▶ [Activity] State, as a number alone, how many lines of the data contain the string "instead".

Dataset records
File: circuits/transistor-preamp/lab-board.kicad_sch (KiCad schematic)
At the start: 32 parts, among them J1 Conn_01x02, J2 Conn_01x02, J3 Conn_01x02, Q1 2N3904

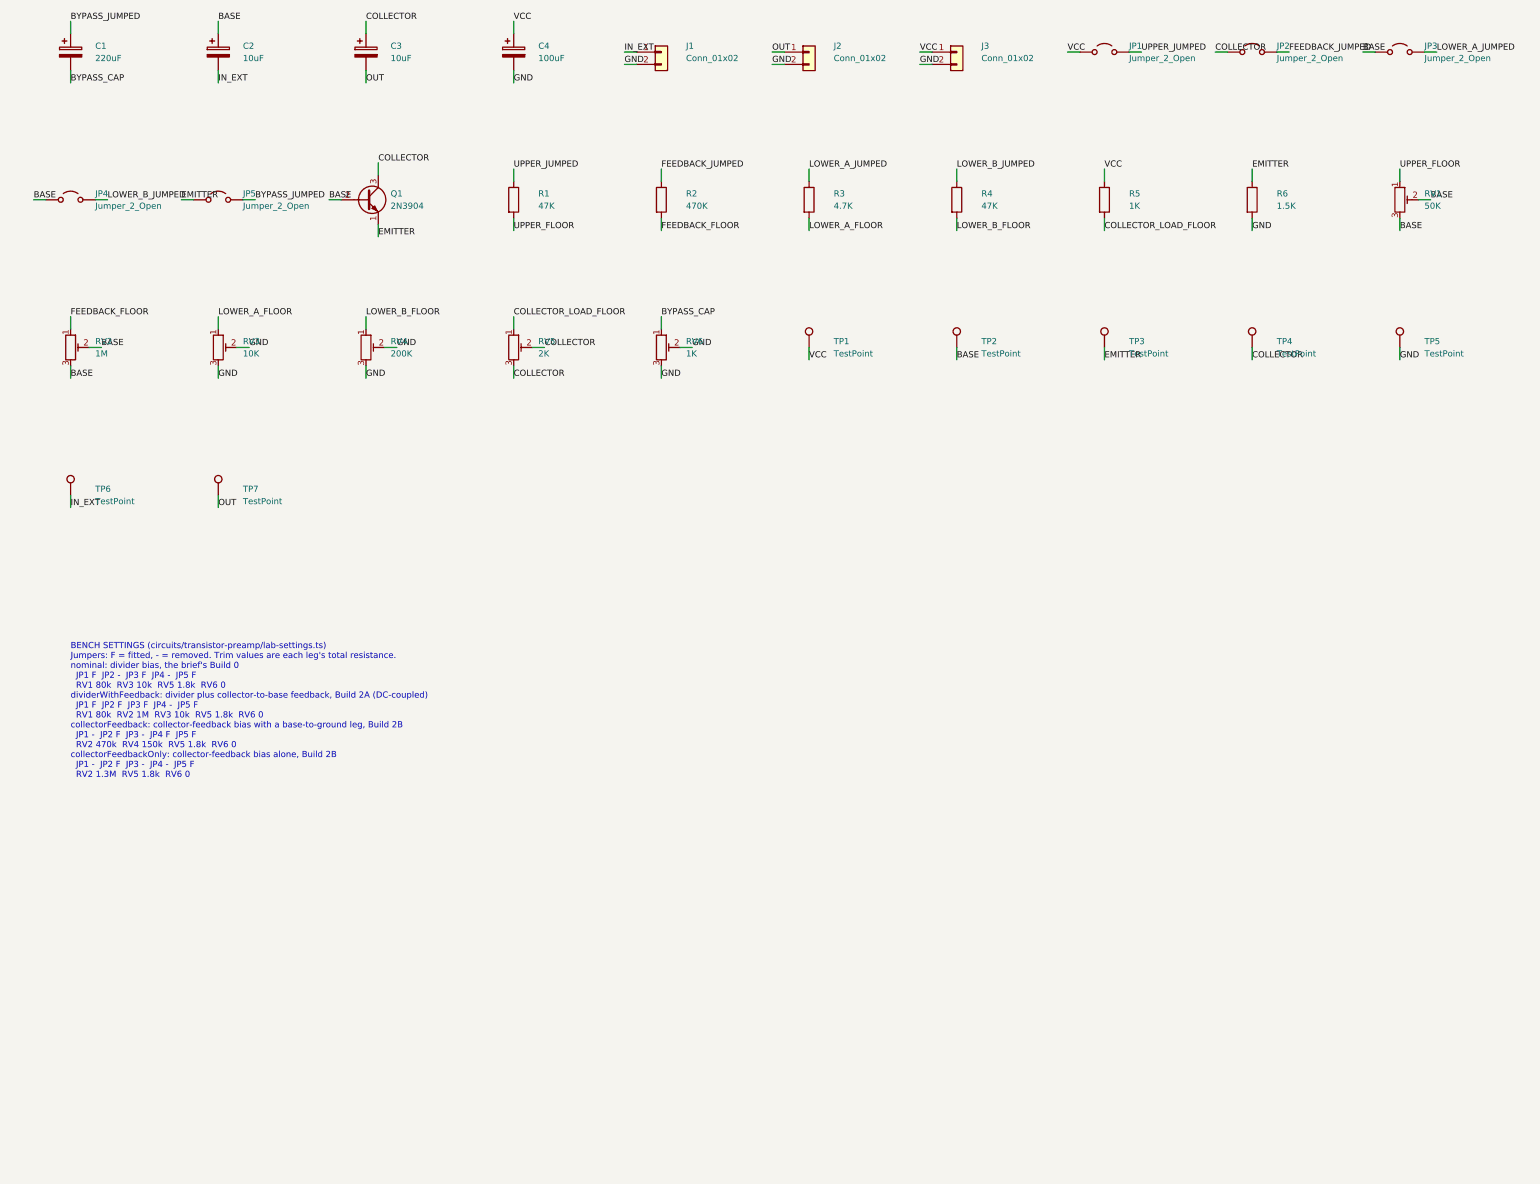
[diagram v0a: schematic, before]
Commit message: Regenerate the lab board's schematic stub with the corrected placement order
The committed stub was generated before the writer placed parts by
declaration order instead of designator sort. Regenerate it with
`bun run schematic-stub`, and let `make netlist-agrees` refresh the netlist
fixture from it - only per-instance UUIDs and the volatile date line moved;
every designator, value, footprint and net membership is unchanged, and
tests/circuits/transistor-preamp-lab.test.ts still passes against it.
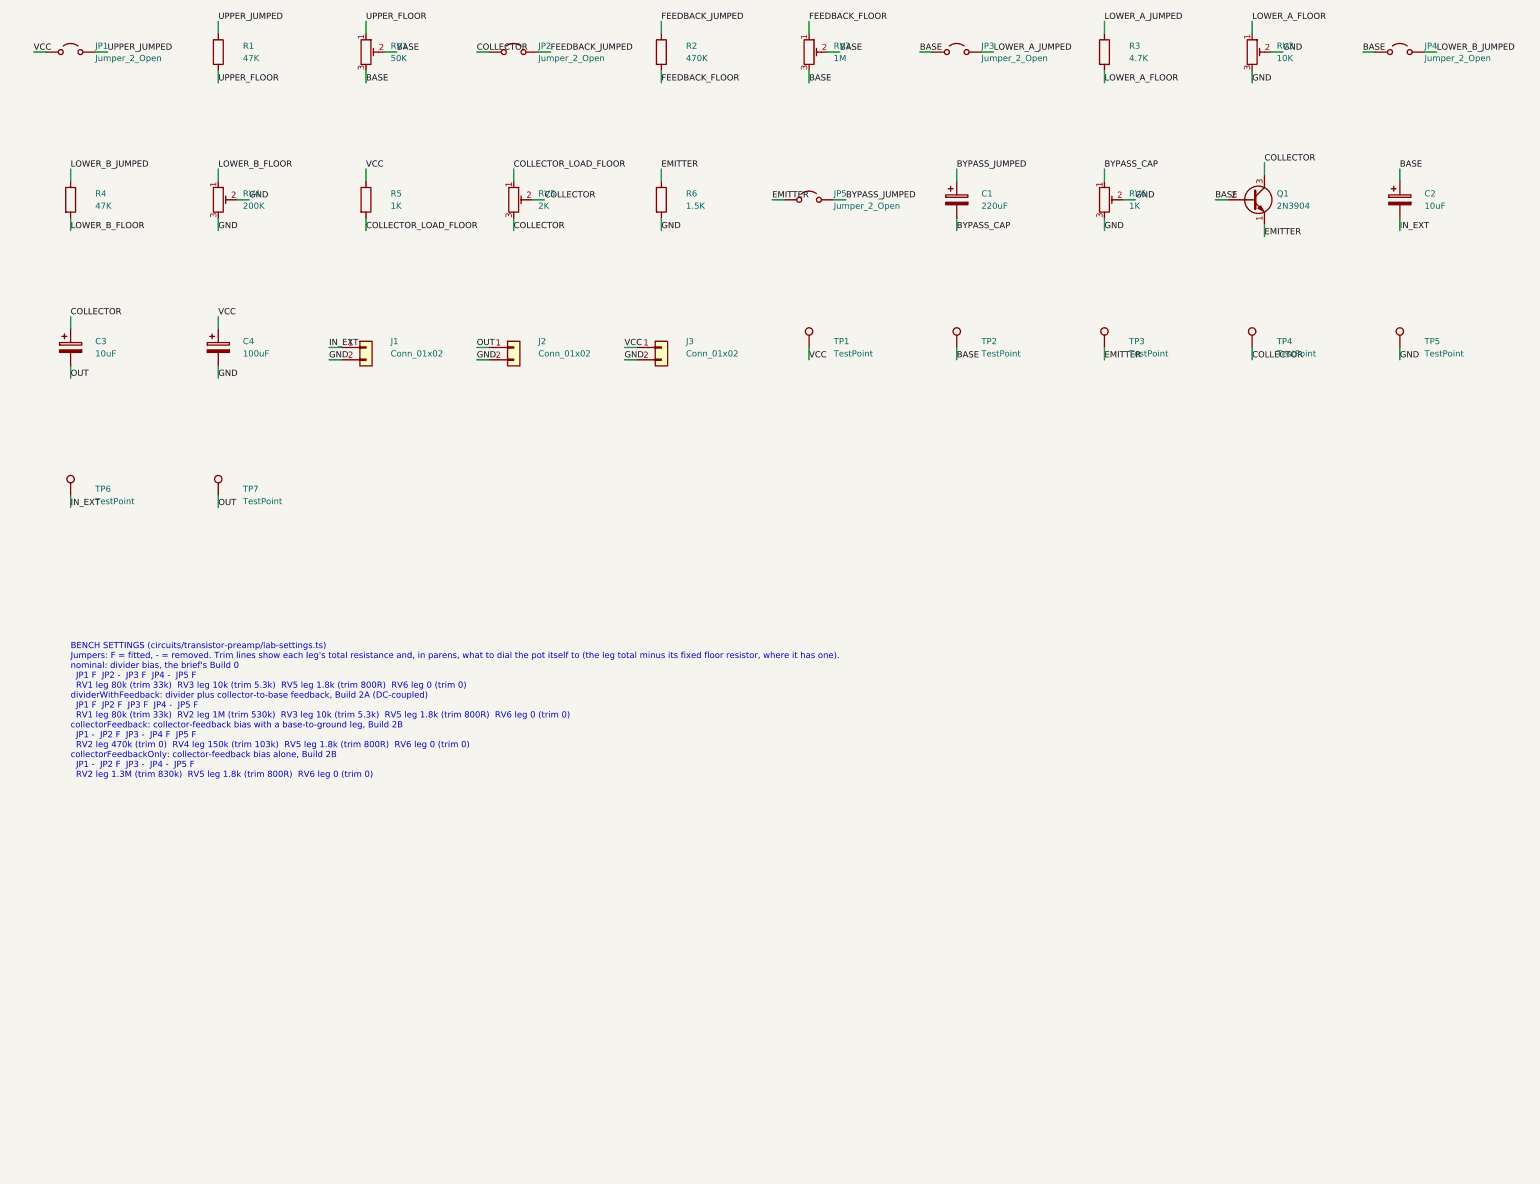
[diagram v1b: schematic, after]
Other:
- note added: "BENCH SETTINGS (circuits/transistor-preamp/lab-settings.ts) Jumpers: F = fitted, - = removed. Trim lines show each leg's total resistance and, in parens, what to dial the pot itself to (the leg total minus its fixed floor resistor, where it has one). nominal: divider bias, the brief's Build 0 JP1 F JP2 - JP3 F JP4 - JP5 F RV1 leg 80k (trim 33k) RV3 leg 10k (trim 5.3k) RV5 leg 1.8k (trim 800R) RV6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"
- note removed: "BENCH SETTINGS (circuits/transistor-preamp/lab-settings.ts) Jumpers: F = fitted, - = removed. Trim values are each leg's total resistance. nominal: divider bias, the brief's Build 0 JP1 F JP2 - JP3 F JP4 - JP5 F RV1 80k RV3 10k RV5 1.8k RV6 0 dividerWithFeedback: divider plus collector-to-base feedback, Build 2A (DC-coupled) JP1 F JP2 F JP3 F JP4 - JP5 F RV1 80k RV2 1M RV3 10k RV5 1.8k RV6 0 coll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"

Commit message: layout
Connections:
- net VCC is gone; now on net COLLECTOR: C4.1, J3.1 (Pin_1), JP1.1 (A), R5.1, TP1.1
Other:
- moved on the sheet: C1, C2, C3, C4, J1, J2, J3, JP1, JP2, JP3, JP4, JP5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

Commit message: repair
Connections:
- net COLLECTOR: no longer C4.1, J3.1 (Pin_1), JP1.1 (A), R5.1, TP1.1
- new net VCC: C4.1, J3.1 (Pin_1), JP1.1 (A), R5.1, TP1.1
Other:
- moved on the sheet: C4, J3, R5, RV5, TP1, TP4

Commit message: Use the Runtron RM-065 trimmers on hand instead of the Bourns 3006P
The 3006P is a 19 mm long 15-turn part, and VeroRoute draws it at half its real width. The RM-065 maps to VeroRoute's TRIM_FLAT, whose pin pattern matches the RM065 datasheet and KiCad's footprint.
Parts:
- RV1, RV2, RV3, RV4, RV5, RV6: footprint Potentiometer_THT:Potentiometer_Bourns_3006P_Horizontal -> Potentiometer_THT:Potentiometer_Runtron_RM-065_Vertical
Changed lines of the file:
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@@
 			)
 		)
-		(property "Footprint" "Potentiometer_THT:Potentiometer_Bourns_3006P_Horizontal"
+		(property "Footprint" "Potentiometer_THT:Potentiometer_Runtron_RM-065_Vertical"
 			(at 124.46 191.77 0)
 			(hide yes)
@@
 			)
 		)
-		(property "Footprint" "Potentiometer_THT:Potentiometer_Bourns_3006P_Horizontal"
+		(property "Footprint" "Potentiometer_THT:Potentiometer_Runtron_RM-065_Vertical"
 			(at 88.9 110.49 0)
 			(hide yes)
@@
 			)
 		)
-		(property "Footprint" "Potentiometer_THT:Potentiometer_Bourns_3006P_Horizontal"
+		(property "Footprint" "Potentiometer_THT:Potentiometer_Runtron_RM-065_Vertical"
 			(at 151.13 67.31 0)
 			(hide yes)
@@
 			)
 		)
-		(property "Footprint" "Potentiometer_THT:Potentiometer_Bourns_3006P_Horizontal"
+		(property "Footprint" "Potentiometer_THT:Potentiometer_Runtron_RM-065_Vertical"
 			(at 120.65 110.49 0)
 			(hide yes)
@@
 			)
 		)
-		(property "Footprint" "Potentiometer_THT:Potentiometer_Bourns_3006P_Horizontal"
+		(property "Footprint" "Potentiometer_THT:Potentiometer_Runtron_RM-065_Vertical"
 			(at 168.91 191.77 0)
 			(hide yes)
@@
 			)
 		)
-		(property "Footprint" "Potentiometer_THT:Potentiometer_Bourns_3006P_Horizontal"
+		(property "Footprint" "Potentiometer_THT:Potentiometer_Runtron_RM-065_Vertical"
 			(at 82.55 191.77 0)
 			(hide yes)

▶ [Task answer] 2